The nonhierarchical clustering algorithm used to partition the windows of time series data among a fixed number of clusters is analogous to the k-means algorithm. The prototype model for each cluster is based on Principal Components Analysis, and the distances from each window to each prototype are calculated using a sum of squared errors for fitting a given window in to a prototype model. A large number of runs of this algorithm, performed over an appropriate range for the number of clusters, is aggregated to form a single hierarchical solution. A method is given to estimate the range for the number of clusters required to generate a converging, reproducible solution.

Four clusters are determined which correspond to four dominant, persistent atmospheric states for the Bay Area. Two of the meteorological regimes are conducive to elevated ozone levels in the Bay Area. One of these clusters captures the effects of an atypical summer low pressure system which redirects the typical wind patterns and allows ozone to build up. The other cluster captures the effect of a high pressure center over the western United States which reduces the strength of the typical shoreward marine flow, creating hot and stagnant conditions.

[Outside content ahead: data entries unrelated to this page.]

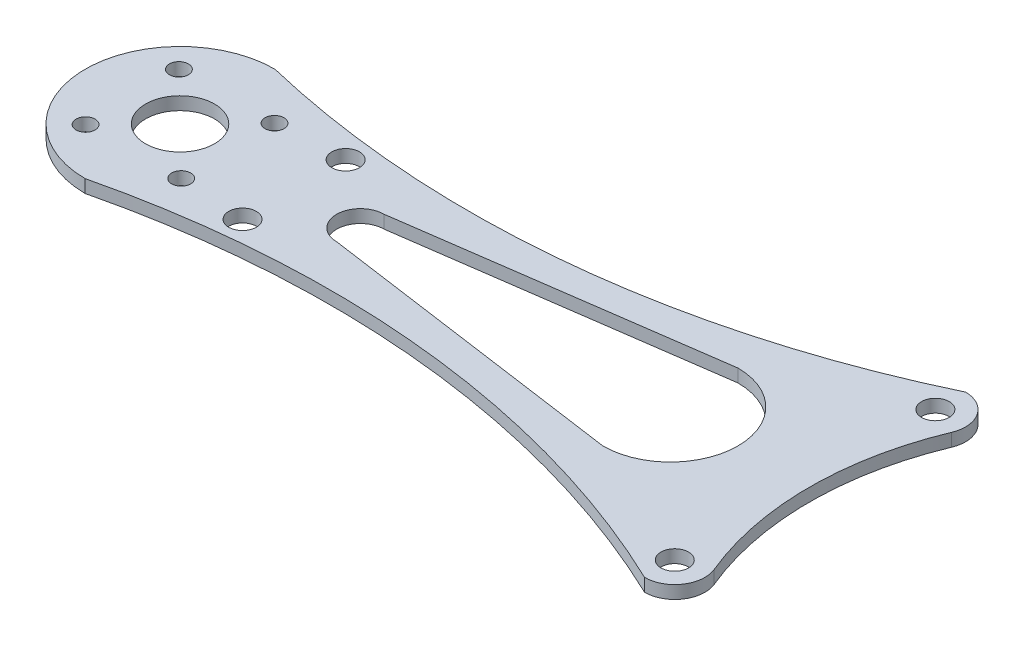
ISO-10303-21;
HEADER;
FILE_DESCRIPTION(('STEP AP214'),'2;1');
FILE_NAME('part.step','',(''),(''),'','','');
FILE_SCHEMA(('AUTOMOTIVE_DESIGN { 1 0 10303 214 1 1 1 1 }'));
ENDSEC;
DATA;
#1=APPLICATION_CONTEXT('core data for automotive mechanical design processes');
#2=APPLICATION_PROTOCOL_DEFINITION('international standard','automotive_design',2000,#1);
#3=PRODUCT_CONTEXT('',#1,'mechanical');
#4=PRODUCT('Part','Part','',(#3));
#5=PRODUCT_RELATED_PRODUCT_CATEGORY('part','',(#4));
#6=PRODUCT_DEFINITION_FORMATION('','',#4);
#7=PRODUCT_DEFINITION_CONTEXT('part definition',#1,'design');
#8=PRODUCT_DEFINITION('design','',#6,#7);
#9=PRODUCT_DEFINITION_SHAPE('','',#8);
#10=(LENGTH_UNIT() NAMED_UNIT(*) SI_UNIT(.MILLI.,.METRE.));
#11=(NAMED_UNIT(*) PLANE_ANGLE_UNIT() SI_UNIT($,.RADIAN.));
#12=(NAMED_UNIT(*) SI_UNIT($,.STERADIAN.) SOLID_ANGLE_UNIT());
#13=UNCERTAINTY_MEASURE_WITH_UNIT(LENGTH_MEASURE(1.E-05),#10,'distance_accuracy_value','');
#14=(GEOMETRIC_REPRESENTATION_CONTEXT(3) GLOBAL_UNCERTAINTY_ASSIGNED_CONTEXT((#13)) GLOBAL_UNIT_ASSIGNED_CONTEXT((#10,
#11,#12)) REPRESENTATION_CONTEXT('',''));
#15=CARTESIAN_POINT('',(0.,0.,0.));
#16=DIRECTION('',(0.,0.,1.));
#17=DIRECTION('',(1.,0.,0.));
#18=AXIS2_PLACEMENT_3D('',#15,#16,#17);
#19=CARTESIAN_POINT('',(-18.246620767098,0.75,7.55799778921041));
#20=DIRECTION('',(0.,1.,0.));
#21=DIRECTION('',(0.,0.,1.));
#22=AXIS2_PLACEMENT_3D('',#19,#20,#21);
#23=PLANE('',#22);
#24=CARTESIAN_POINT('',(-114.54591161256,0.75,-5.41344293270639));
#25=DIRECTION('',(0.,1.,0.));
#26=DIRECTION('',(0.,0.,1.));
#27=AXIS2_PLACEMENT_3D('',#24,#25,#26);
#28=CIRCLE('',#27,1.10000000000002);
#29=CARTESIAN_POINT('',(-114.54591161256,0.75,-4.31344293270637));
#30=VERTEX_POINT('',#29);
#31=EDGE_CURVE('E312',#30,#30,#28,.T.);
#32=ORIENTED_EDGE('',*,*,#31,.F.);
#33=EDGE_LOOP('',(#32));
#34=FACE_BOUND('',#33,.T.);
#35=CARTESIAN_POINT('',(-114.413442932706,0.75,5.54591161256024));
#36=DIRECTION('',(0.,1.,0.));
#37=DIRECTION('',(0.,0.,1.));
#38=AXIS2_PLACEMENT_3D('',#35,#36,#37);
#39=CIRCLE('',#38,1.10000000000001);
#40=CARTESIAN_POINT('',(-114.413442932706,0.75,6.64591161256025));
#41=VERTEX_POINT('',#40);
#42=EDGE_CURVE('E316',#41,#41,#39,.T.);
#43=ORIENTED_EDGE('',*,*,#42,.F.);
#44=EDGE_LOOP('',(#43));
#45=FACE_BOUND('',#44,.T.);
#46=CARTESIAN_POINT('',(-103.45408838744,0.75,5.41344293270657));
#47=DIRECTION('',(0.,1.,0.));
#48=DIRECTION('',(0.,0.,1.));
#49=AXIS2_PLACEMENT_3D('',#46,#47,#48);
#50=CIRCLE('',#49,1.1);
#51=CARTESIAN_POINT('',(-103.45408838744,0.75,6.51344293270658));
#52=VERTEX_POINT('',#51);
#53=EDGE_CURVE('E325',#52,#52,#50,.T.);
#54=ORIENTED_EDGE('',*,*,#53,.F.);
#55=EDGE_LOOP('',(#54));
#56=FACE_BOUND('',#55,.T.);
#57=CARTESIAN_POINT('',(-103.586557067293,0.75,-5.54591161256014));
#58=DIRECTION('',(0.,1.,0.));
#59=DIRECTION('',(0.,0.,1.));
#60=AXIS2_PLACEMENT_3D('',#57,#58,#59);
#61=CIRCLE('',#60,1.10000000000001);
#62=CARTESIAN_POINT('',(-103.586557067293,0.75,-4.44591161256013));
#63=VERTEX_POINT('',#62);
#64=EDGE_CURVE('E331',#63,#63,#61,.T.);
#65=ORIENTED_EDGE('',*,*,#64,.F.);
#66=EDGE_LOOP('',(#65));
#67=FACE_BOUND('',#66,.T.);
#68=CARTESIAN_POINT('',(-88.0784459485142,0.75,0.));
#69=DIRECTION('',(0.,1.,0.));
#70=DIRECTION('',(0.,0.,1.));
#71=AXIS2_PLACEMENT_3D('',#68,#69,#70);
#72=CIRCLE('',#71,2.75757742414673);
#73=CARTESIAN_POINT('',(-88.0784459485142,0.75,-2.75757742414675));
#74=VERTEX_POINT('',#73);
#75=CARTESIAN_POINT('',(-88.0784459485142,0.75,2.75757742414671));
#76=VERTEX_POINT('',#75);
#77=EDGE_CURVE('E48',#74,#76,#72,.T.);
#78=ORIENTED_EDGE('',*,*,#77,.F.);
#79=DIRECTION('',(-0.990191024034519,0.,0.139720205845361));
#80=VECTOR('',#79,1.);
#81=CARTESIAN_POINT('',(-88.0784459485142,0.75,-2.75757742414675));
#82=LINE('',#81,#80);
#83=CARTESIAN_POINT('',(-52.1196363376409,0.75,-7.83151988457672));
#84=VERTEX_POINT('',#83);
#85=EDGE_CURVE('E118',#84,#74,#82,.T.);
#86=ORIENTED_EDGE('',*,*,#85,.F.);
#87=CARTESIAN_POINT('',(-52.1196363376409,0.75,0.));
#88=DIRECTION('',(0.,1.,0.));
#89=DIRECTION('',(0.,0.,1.));
#90=AXIS2_PLACEMENT_3D('',#87,#88,#89);
#91=CIRCLE('',#90,7.8315198845767);
#92=CARTESIAN_POINT('',(-52.1196363376409,0.75,7.83151988457668));
#93=VERTEX_POINT('',#92);
#94=EDGE_CURVE('E138',#93,#84,#91,.T.);
#95=ORIENTED_EDGE('',*,*,#94,.F.);
#96=DIRECTION('',(0.990191024034519,0.,0.139720205845361));
#97=VECTOR('',#96,1.);
#98=CARTESIAN_POINT('',(-88.0784459485142,0.75,2.75757742414671));
#99=LINE('',#98,#97);
#100=EDGE_CURVE('E132',#76,#93,#99,.T.);
#101=ORIENTED_EDGE('',*,*,#100,.F.);
#102=EDGE_LOOP('',(#78,#86,#95,#101));
#103=FACE_BOUND('',#102,.T.);
#104=CARTESIAN_POINT('',(-109.,0.75,0.));
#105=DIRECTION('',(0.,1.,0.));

Because the meteorology plays such an important role in ozone formation dynamics, it is not possible to determine the effects of emissions characteristics on ozone levels from historical data observed under different atmospheric conditions. Once a group of days is labeled as having similar meteorological conditions, however, a reasonable estimate of the effects of emissions characteristics can be made. Emissions in the Bay Area are assumed relatively constant for the weekdays (Mon—Fri). The weekends (Sat—Sun) are assumed to have lower emissions rates, especially for NOx due to less diesel traffic on the weekends. Observed compositions for the morning NOx spike are significantly lower on the weekends throughout the Bay Area, supporting the above claim. VOC emissions are unknown, but are assumed reduced for the weekend but by less than for NOx. The ozone response to the varying emissions levels can be determined simply by comparing daily maximum ozone levels between weekend and weekday days assigned to the same meteorological state. Sites within the most urban areas of San Jose and San Francisco/Oakland achieve the highest ozone levels for the weekends, while the other, suburban locations experience the highest ozone levels on the weekdays. This opposite response to a change in emissions characteristics for different portions of the study region implies different sensitivities of ozone to its precursors at different locations. It is likely that the elevated NOx levels at the urban sites during the weekdays forms a NOx-sensitive regime in which NOx is choking off the photochemistry, resulting in decreased ozone levels on the weekdays versus the weekends.